Ground Two concerned the purpose of the report required by section 14 of the CCA and whether the report issued (the NZS) was sufficient to meet those purposes. Whilst the SoS argued that essentially all that is required is a report to tell Parliament what the policies and proposals to meet the assessment are, the Court rejected this position and found that the report is required to ensure that Parliament is clear about how the Government intends to meet its obligations under the Act, and that this requires to SoS to explain the thinking behind the proposals and how they will enable to carbon budgets to be met.
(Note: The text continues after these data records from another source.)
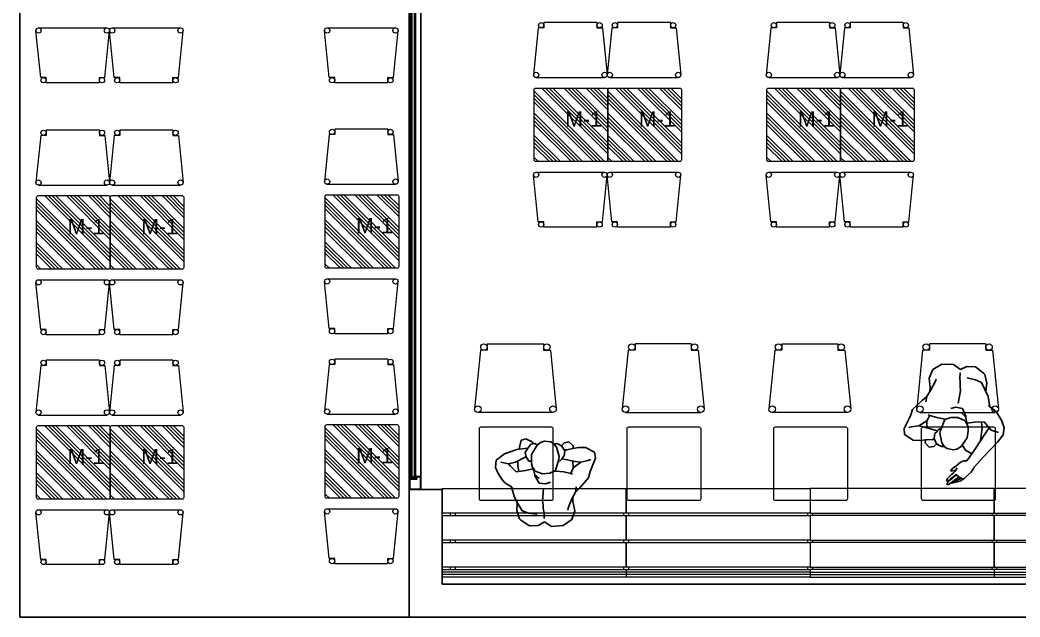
# Model space of a CAD drawing. Header units: centimetres. Extents: x 129282 to 136766, y 26190 to 28185.
# Drawn here: x 129282 to 129893, y 26190 to 26555 of the extents above; entities that cross this region are included whole.
import ezdxf

# ---------------------------------------------------------------- set-up
doc = ezdxf.new("R2010")
doc.units = ezdxf.units.CM
doc.header["$LTSCALE"] = 10
doc.header["$MEASUREMENT"] = 0
for name, color, linetype in [('141125_RT1$0$xref_4_vitrin_kaplama$0$2DCAM', 4, 'Continuous'), ('141125_RT1$0$xref_4_vitrin_kaplama$0$2DKONST2', 253, 'Continuous'), ('CG TASARIM LOGO', 7, 'Continuous'), ('LP-DIMENSION_INT_100', 51, 'Continuous'), ('SD-YAZI', 233, 'Continuous'), ('wall', 255, 'Continuous')]:
    doc.layers.add(name, color=color, linetype=linetype)
doc.layers.add('ARK_AHŞAP', color=45, linetype='Continuous', lineweight=15)
doc.layers.add('ARK_METAL', color=252, linetype='Continuous', lineweight=15)
doc.styles.get("Standard").update_dxf_attribs({"font": 'arial.ttf'})
pattern_1 = [(135, (96926.2095, -191650.964), (-6.7351921, -6.7351921), []), (135, (96926.2095, -191648.719), (-6.7351921, -6.7351921), []), (135, (96926.2095, -191646.474), (-6.7351921, -6.7351921), []), (135, (96926.2095, -191644.229), (-6.7351921, -6.7351921), [])]
pattern_2 = [(135, (96881.2095, -191650.964), (-6.7351921, -6.7351921), []), (135, (96881.2095, -191648.719), (-6.7351921, -6.7351921), []), (135, (96881.2095, -191646.474), (-6.7351921, -6.7351921), []), (135, (96881.2095, -191644.229), (-6.7351921, -6.7351921), [])]

# ---------------------------------------------------------------- blocks, each defined once
blk = doc.blocks.new('dada')
for p, q in [((219973.43, -31806.86), (219967.82, -31810.1)), ((219980.49, -31806.97), (219973.43, -31806.86)), ((219967.82, -31810.1), (219965.63, -31815.29)), ((219984.71, -31810.01), (219980.49, -31806.97)), ((219984.28, -31815.56), (219984.55, -31812.14)), ((219988.56, -31808.22), (219984.71, -31810.01)), ((219993.91, -31808.37), (219988.56, -31808.22)), ((219998.88, -31812.26), (219993.91, -31808.37)), ((219999.67, -31813.16), (219998.88, -31812.26)), ((219965.63, -31815.29), (219966.32, -31821.02)), ((219967.93, -31820.3), (219969.4, -31817.13)), ((219969.4, -31817.13), (219969.8, -31816.05)), ((219984.57, -31817.26), (219984.28, -31815.56)), ((219984.6, -31818.7), (219984.57, -31817.26)), ((219984.6, -31820.52), (219984.6, -31818.7)), ((219993.96, -31816.3), (219988.77, -31815.1)), ((219997.59, -31817.95), (219993.96, -31816.3)), ((219999.73, -31822.23), (219997.59, -31817.95)), ((220000.91, -31818.54), (219999.67, -31813.16)), ((220000.18, -31823.15), (220000.91, -31818.54)), ((219964.1, -31826.49), (219966.74, -31822.57)), ((219966.32, -31821.02), (219966.1, -31823.52)), ((219966.74, -31822.57), (219967.93, -31820.3)), ((219984.36, -31825.28), (219984.72, -31822.78)), ((219984.72, -31822.78), (219984.6, -31820.52)), ((220001.59, -31826.62), (219999.73, -31822.23)), ((219961.55, -31828.75), (219955.53, -31834.58)), ((219964.1, -31826.49), (219961.55, -31828.75)), ((219963.56, -31829.8), (219964.1, -31826.49)), ((219983.43, -31830.57), (219984.36, -31825.28)), ((220002.81, -31832.98), (220001.59, -31826.62)), ((219955.53, -31834.58), (219954.16, -31838.39)), ((219981.99, -31833.12), (219978.94, -31834.02)), ((219985.92, -31833.89), (219981.99, -31833.12)), ((219988.07, -31839.19), (219985.66, -31836.85)), ((219988.02, -31838.63), (219985.92, -31833.89)), ((220002.93, -31833.11), (220001.86, -31831.93)), ((220006.66, -31835.82), (220002.93, -31833.11)), ((220008.27, -31838.35), (220006.66, -31835.82)), ((219954.16, -31838.39), (219950.29, -31846.24)), ((219964.26, -31841.56), (219959.4, -31844.48)), ((219964.25, -31845.64), (219964.26, -31841.56)), ((219965.95, -31838.14), (219964.26, -31841.56)), ((219965.95, -31838.14), (219964.98, -31837.71)), ((219970.28, -31839.47), (219965.95, -31838.14)), ((219975.28, -31840.42), (219970.28, -31839.47)), ((219975.15, -31840.74), (219972.56, -31847.46)), ((219978.82, -31839.44), (219975.15, -31840.74)), ((219983.21, -31839.4), (219978.82, -31839.44)), ((219987.64, -31841.51), (219983.21, -31839.4)), ((219989.39, -31844.89), (219987.64, -31841.51)), ((219988.07, -31839.19), (219988.02, -31838.63)), ((219988.47, -31841.63), (219988.07, -31839.19)), ((219989.1, -31844.08), (219988.47, -31841.63)), ((219993.46, -31842.32), (219988.64, -31842.96)), ((219999.27, -31842.1), (219993.46, -31842.32)), ((219997.93, -31845.57), (219997.61, -31842.23)), ((219999.27, -31842.1), (220002.34, -31845.71)), ((220010.11, -31841.56), (220008.27, -31838.35)), ((220011.49, -31845.77), (220010.11, -31841.56)), ((219950.29, -31846.24), (219950.45, -31849.81)), ((219954.91, -31845.07), (219953.11, -31845.59)), ((219959.4, -31844.48), (219954.91, -31845.07)), ((219962.84, -31845.25), (219959.4, -31844.48)), ((219970.62, -31847.5), (219962.84, -31845.25)), ((219969.08, -31849.16), (219968.58, -31852.23)), ((219970.59, -31848.03), (219969.08, -31849.16)), ((219970.97, -31847.21), (219970.59, -31848.03)), ((219972.17, -31846.32), (219970.97, -31847.21)), ((219972.17, -31846.32), (219972.92, -31846.53)), ((219972.56, -31847.46), (219972.17, -31849.01)), ((219972.17, -31849.01), (219973.41, -31854.95)), ((219988.91, -31851.81), (219989.4, -31847.79)), ((219989.4, -31845.86), (219989.1, -31844.08)), ((219989.4, -31847.79), (219989.39, -31844.89)), ((219997.01, -31853.72), (219997.93, -31845.57)), ((219997.01, -31853.72), (219999.97, -31848.98)), ((219999.97, -31848.98), (220002.34, -31845.71)), ((220002.34, -31845.71), (220003.54, -31847.27)), ((220003.54, -31847.27), (220008.04, -31848.65)), ((220010.84, -31850.1), (220011.49, -31845.77)), ((219950.45, -31849.81), (219955.8, -31853.26)), ((219955.8, -31853.26), (219959.9, -31853.53)), ((219959.9, -31853.53), (219963.48, -31853.17)), ((219963.15, -31854.85), (219963.36, -31853.18)), ((219965.64, -31857.49), (219963.15, -31854.85)), ((219963.48, -31853.17), (219967.29, -31852.84)), ((219967.29, -31852.84), (219968.82, -31852.87)), ((219970.32, -31855.52), (219968.51, -31857.12)), ((219968.58, -31852.23), (219970.19, -31855.43)), ((219968.58, -31852.23), (219968.58, -31852.23)), ((219970.19, -31855.43), (219971.96, -31856.56)), ((219973.41, -31854.95), (219974.93, -31857.36)), ((219985.09, -31857.09), (219988.91, -31851.81)), ((219993.17, -31859.66), (219997.01, -31853.72)), ((220003.67, -31858.47), (220007.38, -31854.47)), ((220007.38, -31854.47), (220010.84, -31850.1)), ((220010.84, -31850.1), (220010.84, -31850.1)), ((219968.51, -31857.12), (219965.64, -31857.49)), ((219971.96, -31856.56), (219973.39, -31857.25)), ((219973.39, -31857.25), (219974.3, -31857.1)), ((219974.3, -31857.1), (219974, -31855.88)), ((219974.93, -31857.36), (219976.56, -31858.48)), ((219976.56, -31858.48), (219980.28, -31859.2)), ((219980.28, -31859.2), (219982.44, -31858.76)), ((219982.44, -31858.76), (219985.09, -31857.09)), ((219985.8, -31856.21), (219987.9, -31859.37)), ((219987.9, -31859.37), (219991.64, -31861.58)), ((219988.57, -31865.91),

It was further identified that, to satisfy this statutory requirement, quantification of the reductions expected from the implementation of the policies and proposals is legally essential to the explanation which the SoS is required to give under section 14(1) of the CCA as to how he expects those measures to meet carbon budgets.

In addition, it was identified that the NZS failed to explain:

  • that the quantitative analysis carried out by the Department for Business, Energy and Industrial Strategy (BEIS) (which related solely to quantifiable policies with a direct effect on emissions) predicted that those policies would achieve 95%, not 100%, of the reductions required for CB6, and had assumed "delivery in full" of those policies;
  • how it was judged that that 5% shortfall would be made up, including the judgment based upon comparing the 95% result with the projections of the implied performance of the delivery pathway;
  • that information presented in NZS did not present the outcome of the Department's quantitative analysis of emissions reductions predicted to result from NZS polices; and
  • how that quantitative analysis differed from the modelling of the delivery pathway.

All those matters were identified to be obviously material to the critical issue of risk to the delivery of the statutory targets and matters on which the SoS was obliged to inform Parliament and the public.

What Next?

Noting that the claimants were not asking for the NZS to be quashed, given that they "acknowledge that much of the content of the NZS is commendable", the Court has ordered the Government to prepare a report explaining how the policies and proposals in the NZS will enable CB6 to be achieved by April 2023. The Government must therefore now address the inadequacies in the information provided to the SoS for the purpose of him preparing the proposals and policies to enable CB6 to be achieved, and also the inadequacies in the information provided to Parliament and the general public about how the Government intends to meet its obligations under the CCA. This will require much more of the workings to be put into the public domain and be subject to further scrutiny, in relation to and including the effects on different sectors of the economy.

As can be seen from this challenge and the recent increase in the use of legal means to hold the Government to account on climate change, the report that is published will be subject to detailed scrutiny and it is not unlikely further challenges may be lodged if it still considered to be too vague to meet the statutory requirements.

And whilst this further reporting process is being undertaken and once published, scrutinised, the real challenge for the Government and stakeholders continues to be the delivery of the projects and policies that will enable the achievement of carbon reduction targets. A task made all the more harder in a challenging climate policy arena, which can at times feel more hopeful than informed, and with decisions from the Government on nationally significant infrastructure projects more often than not being delayed and frequently subject to successful legal challenge.